Find each line below that includes "Circle", then copy it.
[[ DATA RECORDS open ]]
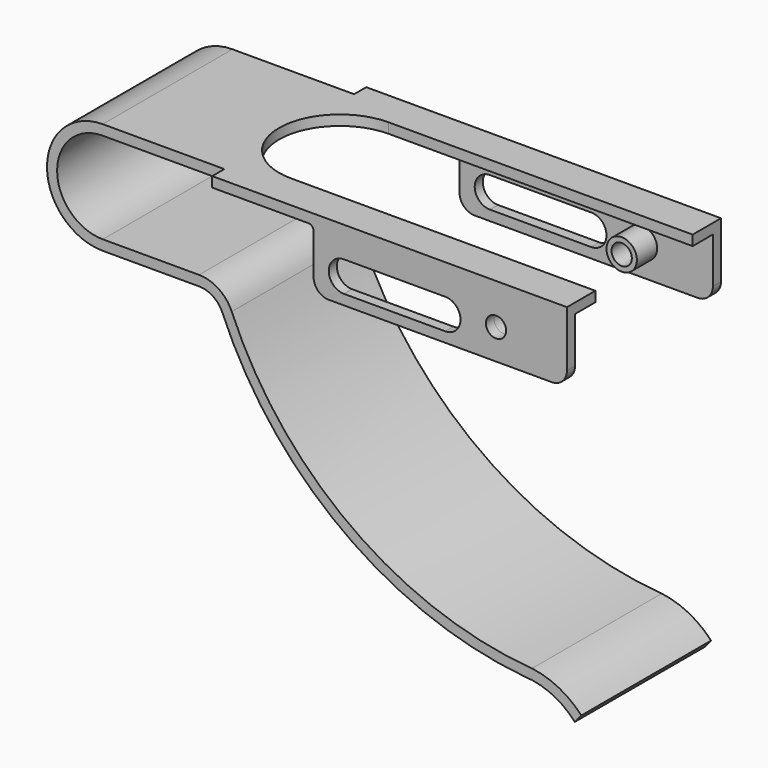
from build123d import *

# Parameters (mm, degrees)
F1_DEPTH  = 16
F2_W      = 70
F2_H      = 3
F3_DEPTH  = 2
F4_W      = 50
F4_H      = 14
F5_DEPTH  = 2
F6_R      = 1
F9_DEPTH  = 2
F11_DEPTH = 38.001
F13_D     = 4
F14_R     = 3
F14_R_2   = 2
F15_DEPTH = 5
F16_R     = 3


# Not quite as in the source:
# - a pattern or mirror of a feature is missing from the dataset's text; its kind, count and spacing are read off the source's solid


with BuildPart() as f1:
    # F0 (on Front) → F1 (new body)
    with BuildSketch(Plane.XZ):
        with BuildLine():
            Line((94, 11), (0, 11))
            ThreePointArc((0, 11), (-11, 0), (0, -11))
            Line((0, -11), (19, -11))
            ThreePointArc((19, -11), (21.7681124643, -11.8361612201), (23.6103896104, -14.064978646))
            ThreePointArc((23.6103896104, -14.064978646), (47.381548553, -44.2322797447), (83.2800086179, -57.8863860143))
            ThreePointArc((83.2800086179, -57.8863860143), (88.6838234672, -59.2161173312), (93.142692854, -62.5459647892))
            Line((93.142692854, -62.5459647892), (94.4399113384, -61))
            ThreePointArc((94.4399113384, -61), (90.012513527, -57.6415445278), (84.7034264019, -56))
            ThreePointArc((84.7034264019, -56), (49.0672193413, -42.9854179344), (25.4545454545, -13.2909701044))
            ThreePointArc((25.4545454545, -13.2909701044), (22.87535745, -10.1706257081), (19, -9))
            Line((19, -9), (0, -9))
            ThreePointArc((0, -9), (-9, 0), (0, 9))
            Line((0, 9), (94, 9))
            Line((94, 9), (94, 11))
        make_face()
    extrude(amount=F1_DEPTH)

    # F2 (on face) → F3 (join)
    with BuildSketch(Plane.XY.offset(11)):
        with Locations((59, -17.5)):
            Rectangle(F2_W, F2_H)
    extrude(amount=-F3_DEPTH)

    # F4 (on face) → F5 (join)
    with BuildSketch(Plane.XZ.offset(19)):
        with Locations((69, 4)):
            Rectangle(F4_W, F4_H)
    extrude(amount=-F5_DEPTH)

    # F6
    f6_edges = [f1.edges().sort_by_distance(p)[0] for p in [
        (44, -18, 9),
    ]]
    fillet(f6_edges, radius=F6_R)

    # F7: F1 across plane


with BuildPart() as f1_1:
    add(f1.part)
    add(f1.part.mirror(Plane.XZ))

    # F8 (on face) → F9 (cut)
    with BuildSketch(Plane.XY.offset(11)):
        with BuildLine():
            Line((94, 12), (34, 12))
            ThreePointArc((34, 12), (22, 0), (34, -12))
            Line((34, -12), (94, -12))
            Line((94, -12), (94, 12))
        make_face()
    extrude(amount=-F9_DEPTH, mode=Mode.SUBTRACT)

    # F10 (on face) → F11 (cut, through all)
    with BuildSketch(Plane.XZ.offset(19)):
        with BuildLine():
            ThreePointArc((50, 5), (47, 2), (50, -1))
            Line((50, -1), (70, -1))
            ThreePointArc((70, -1), (73, 2), (70, 5))
            Line((70, 5), (50, 5))
        make_face()
    extrude(amount=-F11_DEPTH, mode=Mode.SUBTRACT)

    # F13 (through all)
    with Locations(Plane.XZ.offset(19)):
        with Locations((80, 3)):
            Hole(F13_D / 2)

    # F14 (on face) → F15 (join)
    with BuildSketch(Plane(origin=(0, -17, 0), x_dir=(-1, 0, 0), z_dir=(0, 1, 0))):
        with Locations((-80, 3)):
            Circle(F14_R)
        with Locations((-80, 3)):
            Circle(F14_R_2, mode=Mode.SUBTRACT)
    f15 = extrude(amount=F15_DEPTH)

    # F15_copies: F15 across plane
    add(f15.mirror(Plane.ZX))

    # F16
    f16_edges = [f1_1.edges().sort_by_distance(p)[0] for p in [
        (94, -18, -3),
        (44, -18, -3),
        (94, 18, -3),
        (44, 18, -3),
    ]]
    fillet(f16_edges, radius=F16_R)


solid = f1_1.part
[[ DATA RECORDS closed ]]
ANSWER TO THE PROBLEM
            Circle(F14_R)
            Circle(F14_R_2, mode=Mode.SUBTRACT)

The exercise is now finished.